A la Croisée de l'Anjou, de la Touraine et du Poitou
Un bol de fromage blanc
sous l'occupation
par Jean-Claude Raymond
Table des matières
Pendant l'occupation, même les produits alimentaires manquaient. Chacun recevait des tickets de rationnement qui lui donnait le droit d'avoir sa ration. La conséquence fut le marché noir qui permit au moins honnêtes de s'enrichir rapidement. Il y avait aussi le troc et quelques fois la solidarité. Dans ce contexte, des denrées qui paraissent courantes aujourd'hui constituaient des mets de choix.

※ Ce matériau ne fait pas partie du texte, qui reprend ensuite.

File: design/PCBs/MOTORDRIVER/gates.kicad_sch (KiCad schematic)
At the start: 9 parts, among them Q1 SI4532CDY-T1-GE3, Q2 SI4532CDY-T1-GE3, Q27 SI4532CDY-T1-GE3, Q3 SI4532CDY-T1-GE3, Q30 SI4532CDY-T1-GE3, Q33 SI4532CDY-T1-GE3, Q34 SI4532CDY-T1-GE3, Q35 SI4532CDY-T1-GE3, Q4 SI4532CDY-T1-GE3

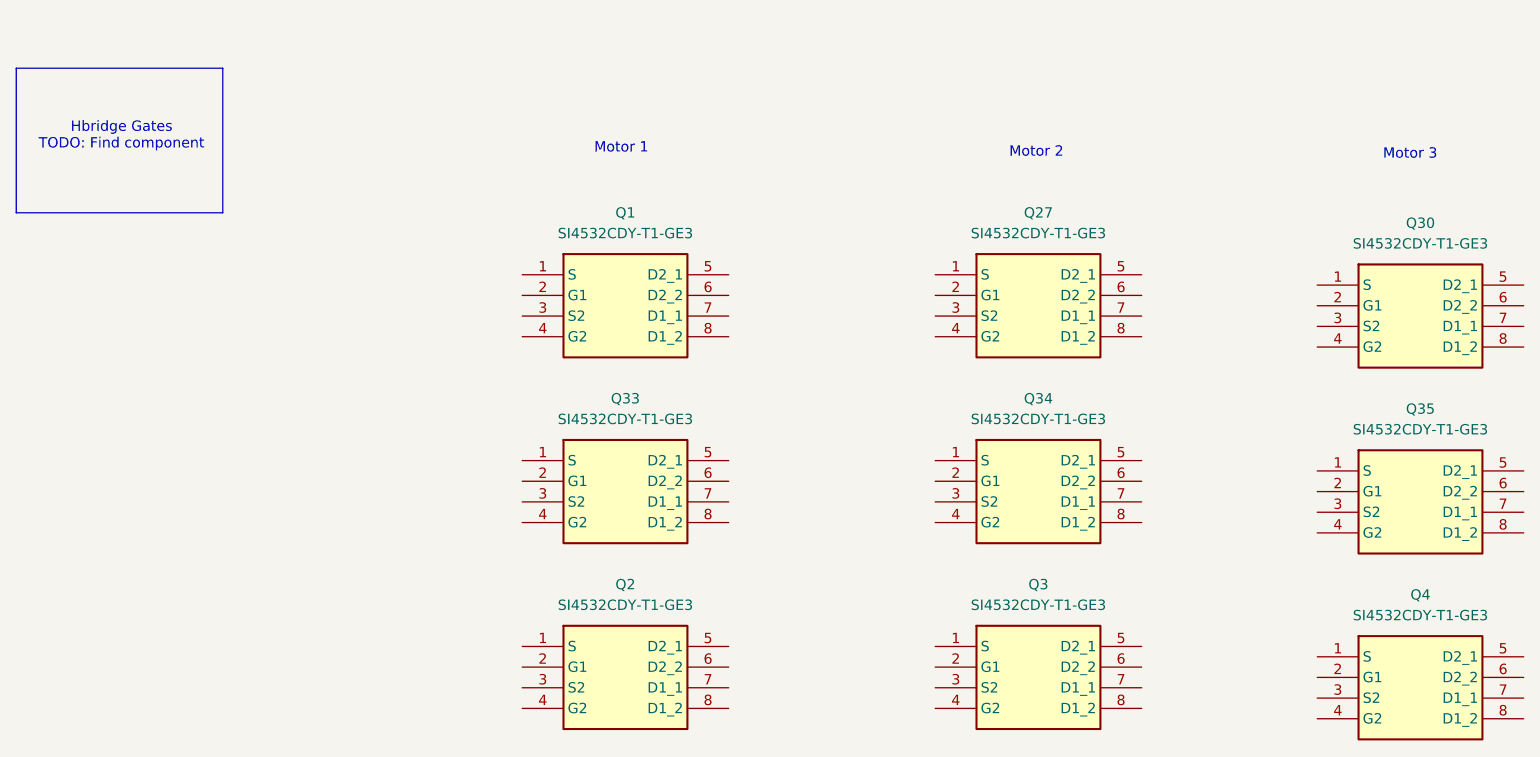
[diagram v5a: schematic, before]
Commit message: Motor headers added, mosfet datasheets
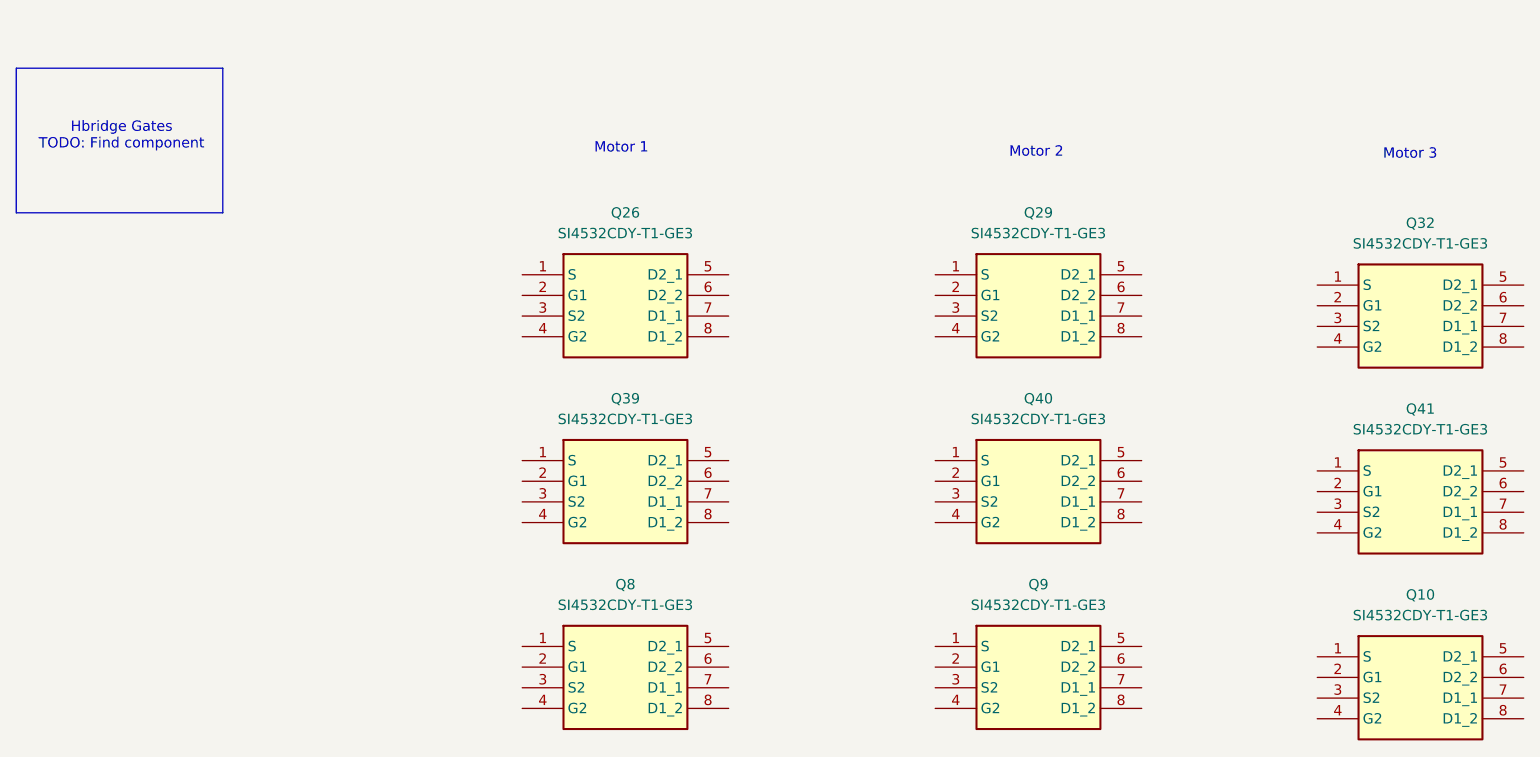
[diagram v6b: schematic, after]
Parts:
- renumbered Q4 to Q10, Q1 to Q26, Q27 to Q29, Q30 to Q32, Q33 to Q39, Q34 to Q40, Q35 to Q41, Q2 to Q8, Q3 to Q9
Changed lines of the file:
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@@
 		(dnp no)
 		(fields_autoplaced yes)
-		(property "Reference" "Q33"
+		(property "Reference" "Q39"
 			(at 130.81 93.98 0)
 			(effects
@@
 		(dnp no)
 		(fields_autoplaced yes)
-		(property "Reference" "Q30"
+		(property "Reference" "Q32"
 			(at 228.6 72.39 0)
 			(effects
@@
 		(dnp no)
 		(fields_autoplaced yes)
-		(property "Reference" "Q1"
+		(property "Reference" "Q26"
 			(at 130.81 71.12 0)
 			(effects
@@
 		(dnp no)
 		(fields_autoplaced yes)
-		(property "Reference" "Q2"
+		(property "Reference" "Q8"
 			(at 130.81 116.84 0)
 			(effects
@@
 		(dnp no)
 		(fields_autoplaced yes)
-		(property "Reference" "Q34"
+		(property "Reference" "Q40"
 			(at 181.61 93.98 0)
 			(effects
@@
 		(dnp no)
 		(fields_autoplaced yes)
-		(property "Reference" "Q35"
+		(property "Reference" "Q41"
 			(at 228.6 95.25 0)
 			(effects
@@
 		(dnp no)
 		(fields_autoplaced yes)
-		(property "Reference" "Q3"
+		(property "Reference" "Q9"
 			(at 181.61 116.84 0)
 			(effects
@@
 		(dnp no)
 		(fields_autoplaced yes)
-		(property "Reference" "Q27"
+		(property "Reference" "Q29"
 			(at 181.61 71.12 0)
 			(effects
@@
 		(dnp no)
 		(fields_autoplaced yes)
-		(property "Reference" "Q4"
+		(property "Reference" "Q10"
 			(at 228.6 118.11 0)
 			(effects

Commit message: Mosfet symbol added
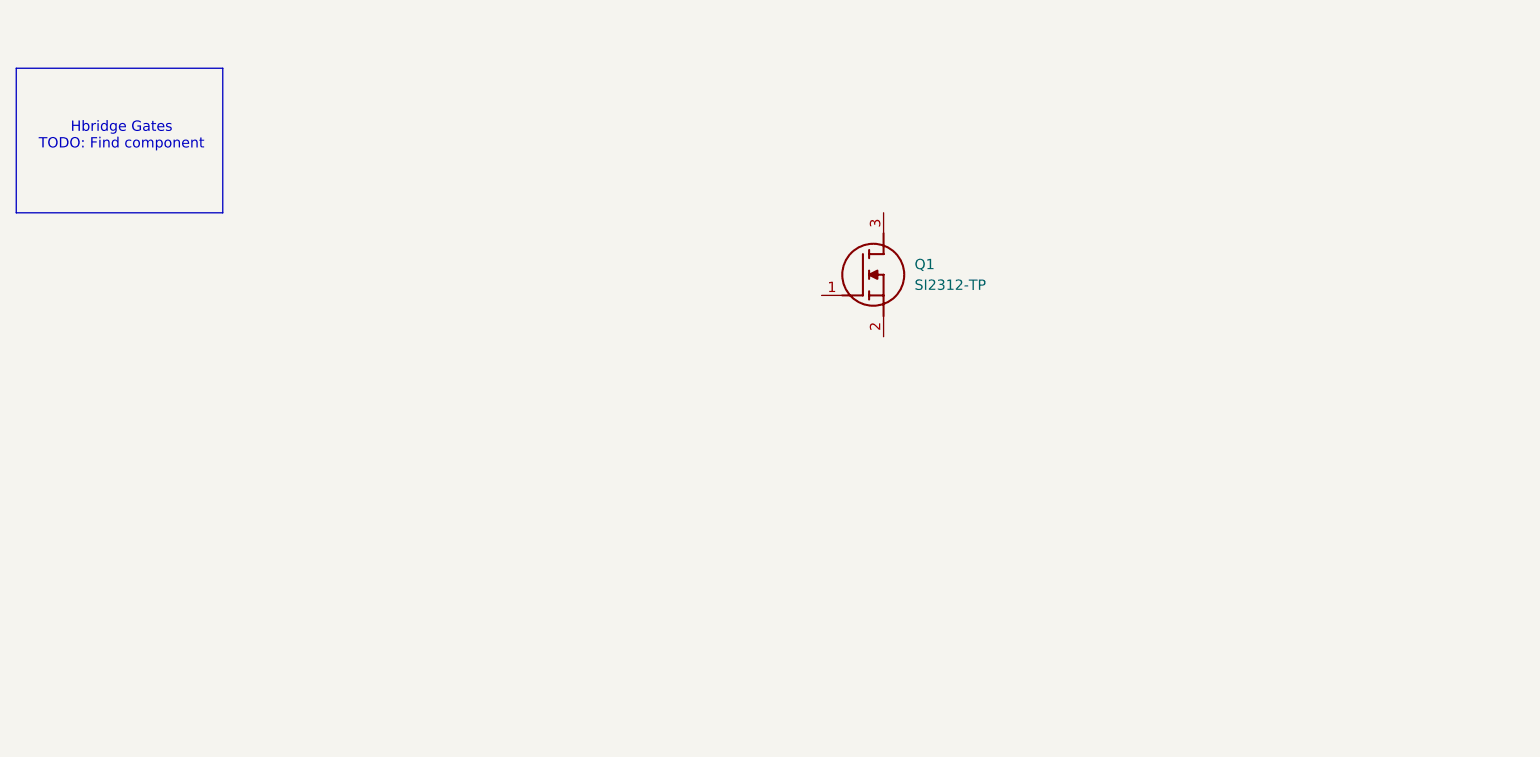
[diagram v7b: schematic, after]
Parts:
- removed Q10, Q26, Q29, Q32, Q39, Q40, Q41, Q8, Q9: SI4532CDY-T1-GE3, SOT127P600X175-8N, symbol SI4532CDY-T1-GE3:SI4532CDY-T1-GE3
- added Q1: SI2312-TP, SOT95P237X125-3N, symbol SI2312-TP:SI2312-TP
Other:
- note removed: "Motor 1"
- note removed: "Motor 2"
- note removed: "Motor 3"

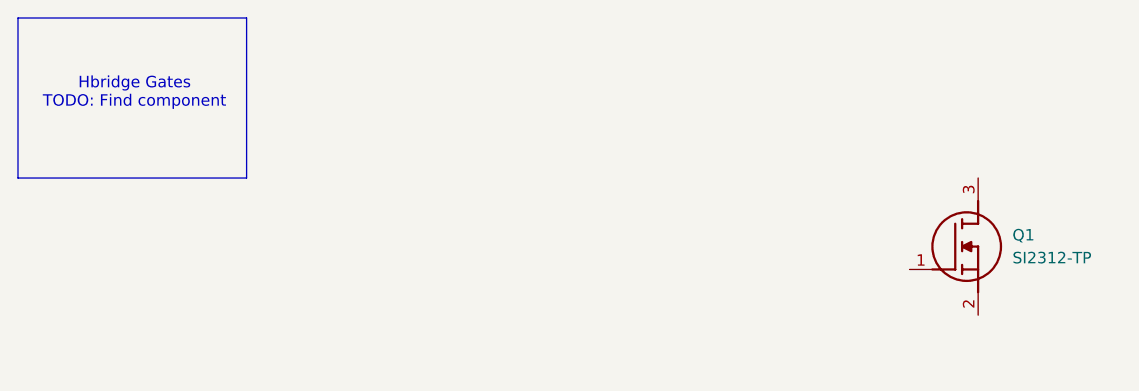
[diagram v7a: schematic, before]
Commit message: added gate driver
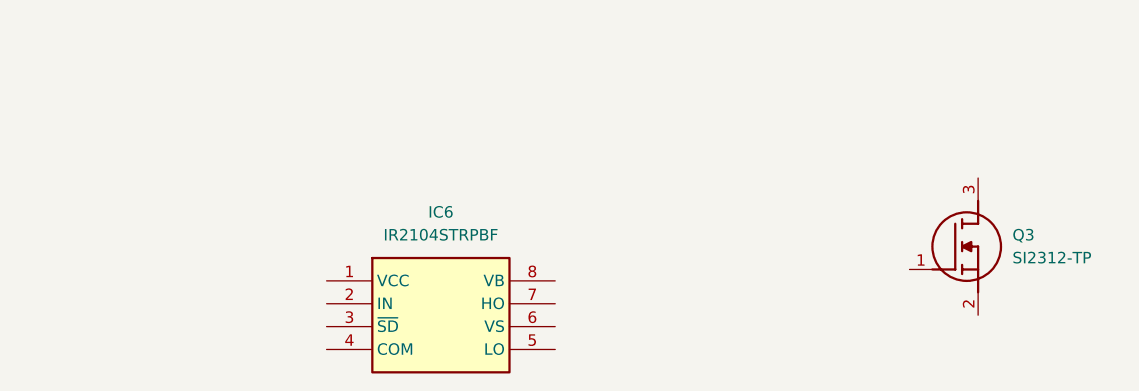
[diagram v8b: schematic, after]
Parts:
- added IC6: IR2104STRPBF, SOIC127P600X175-8N, symbol IR2104STRPBF:IR2104STRPBF
- renumbered Q1 to Q3
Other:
- note removed: "Hbridge Gates TODO: Find component"
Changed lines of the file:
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@@
 	(generator_version "8.0")
 	(paper "A4")
-	(rectangle
-		(start 55.88 53.34)
-		(end 81.28 71.12)
-		(stroke
-			(width 0)
-			(type default)
+	(symbol
+		(lib_id "IR2104STRPBF:IR2104STRPBF")
+		(at 90.17 82.55 0)
+		(unit 1)
+		(exclude_from_sim no)
+		(in_bom yes)
+		(on_board yes)
+		(dnp no)
+		(fields_autoplaced yes)
+		(property "Reference" "IC6"
+			(at 102.87 74.93 0)
+			(effects
+				(font
+					(size 1.27 1.27)
+				)
+			)
 		)
-		(fill
-			(type none)
+		(property "Value" "IR2104STRPBF"
+			(at 102.87 77.47 0)
+			(effects
+				(font
+					(size 1.27 1.27)
+				)
+			)
 		)
-	)
-	(text "Hbridge Gates\nTODO: Find component"
-		(exclude_from_sim no)
-		(at 68.834 61.722 0)
-		(effects
-			(font
-				(size 1.27 1.27)
+		(property "Footprint" "SOIC127P600X175-8N"
+			(at 111.76 177.47 0)
+			(effects
+				(font
+					(size 1.27 1.27)
+				)
+				(justify left top)
+				(hide yes)
+			)
+		)
+		(property "Datasheet" "https://www.infineon.com/cms/en/product/power/gate-driver-ics/?"
+			(at 111.76 277.47 0)
+			(effects
+				(font
+					(size 1.27 1.27)
+				)
+				(justify left top)
+				(hide yes)
+			)
+		)
+		(property "Description" "MOSFET Driver, Dual, 8 Pin, Plastic, SOP"
+			(at 90.17 82.55 0)
+			(effects
+				(font
+					(size 1.27 1.27)
+				)
+				(hide yes)
+			)
+		)
+		(property "Height" "1.75"
+			(at 111.76 477.47 0)
+			(effects
+				(font
+					(size 1.27 1.27)
+				)
+				(justify left top)
+				(hide yes)
+			)
+		)
+		(property "Mouser Part Number" "942-IR2104STRPBF"
+			(at 111.76 577.47 0)
+			(effects
+				(font
+					(size 1.27 1.27)
+				)
+				(justify left top)
+				(hide yes)
+			)
+		)
+		(property "Mouser Price/Stock" "https://www.mouser.co.uk/ProductDetail/Infineon-Technologies/IR2104STRPBF?qs=2r01AXMCG3NCbspWVHqTYw%3D%3D"
+			(at 111.76 677.47 0)
+			(effects
+				(font
+					(size 1.27 1.27)
+				)
+				(justify left top)
+				(hide yes)
+			)
+		)
+		(property "Manufacturer_Name" "Infineon"
+			(at 111.76 777.47 0)
+			(effects
+				(font
+					(size 1.27 1.27)
+				)
+				(justify left top)
+				(hide yes)
+			)
+		)
+		(property "Manufacturer_Part_Number" "IR2104STRPBF"
+			(at 111.76 877.47 0)
+			(effects
+				(font
+					(size 1.27 1.27)
+				)
+				(justify left top)
+				(hide yes)
+			)
+		)
+		(pin "1"
+		)
+		(pin "2"
+		)
+		(pin "7"
+		)
+		(pin "8"
+		)
+		(pin "5"
+		)
+		(pin "6"
+		)
+		(pin "3"
+		)
+		(pin "4"
+		)
+		(instances
+			(project ""
+				(path "/c7634e88-16d1-45ec-9aac-9c841e03cf6d/4adc8e75-6797-461c-8ad6-e6b779b2e551"
+					(reference "IC8")
+					(unit 1)
+				)
+				(path "/c7634e88-16d1-45ec-9aac-9c841e03cf6d/b5eb0271-9027-4941-b236-8f001fce8a08"
+					(reference "IC6")
+					(unit 1)
+				)
+				(path "/c7634e88-16d1-45ec-9aac-9c841e03cf6d/d2c99155-6dc4-4cef-b7d8-f7ba5e4118d0"
+					(reference "IC7")
+					(unit 1)
+				)
 			)
 		)
@@
 		(dnp no)
 		(fields_autoplaced yes)
-		(property "Reference" "Q1"
+		(property "Reference" "Q3"
 			(at 166.37 77.4699 0)
 			(effects

Lorsque mon père rentra à la maison, ma mère apparemment n'y était pas. Elle devait être sortie faire des courses . A sa grande surprise, mon père découvre sur l'égouttoir de l'évier un bol contenant du fromage blanc frais. Il en fut bien un peu surpris ; mais il pensa que ma mère l'avait laissé là à son attention afin qu'il en profite à son retour du collège. En effet, un fromage blanc était denrée assez difficile à se procurer en cette période d'occupation sauf ceux ramenés de chez mes grands-parents paternels qui étaient agriculteurs et qui avaient donc du lait. Mais, mon père n'était pas allé chez eux depuis quelques temps. Il pensa que probablement une voisine avait fait profiter ma mère d'une occasion. Il loua mentalement ma mère de cette attention d'autant que la journée avait été chaude. Il s'installa sur la table de la cuisine et dégusta le fromage sans en laisser. Puis, il gagna son bureau et se mit à corriger ses copies.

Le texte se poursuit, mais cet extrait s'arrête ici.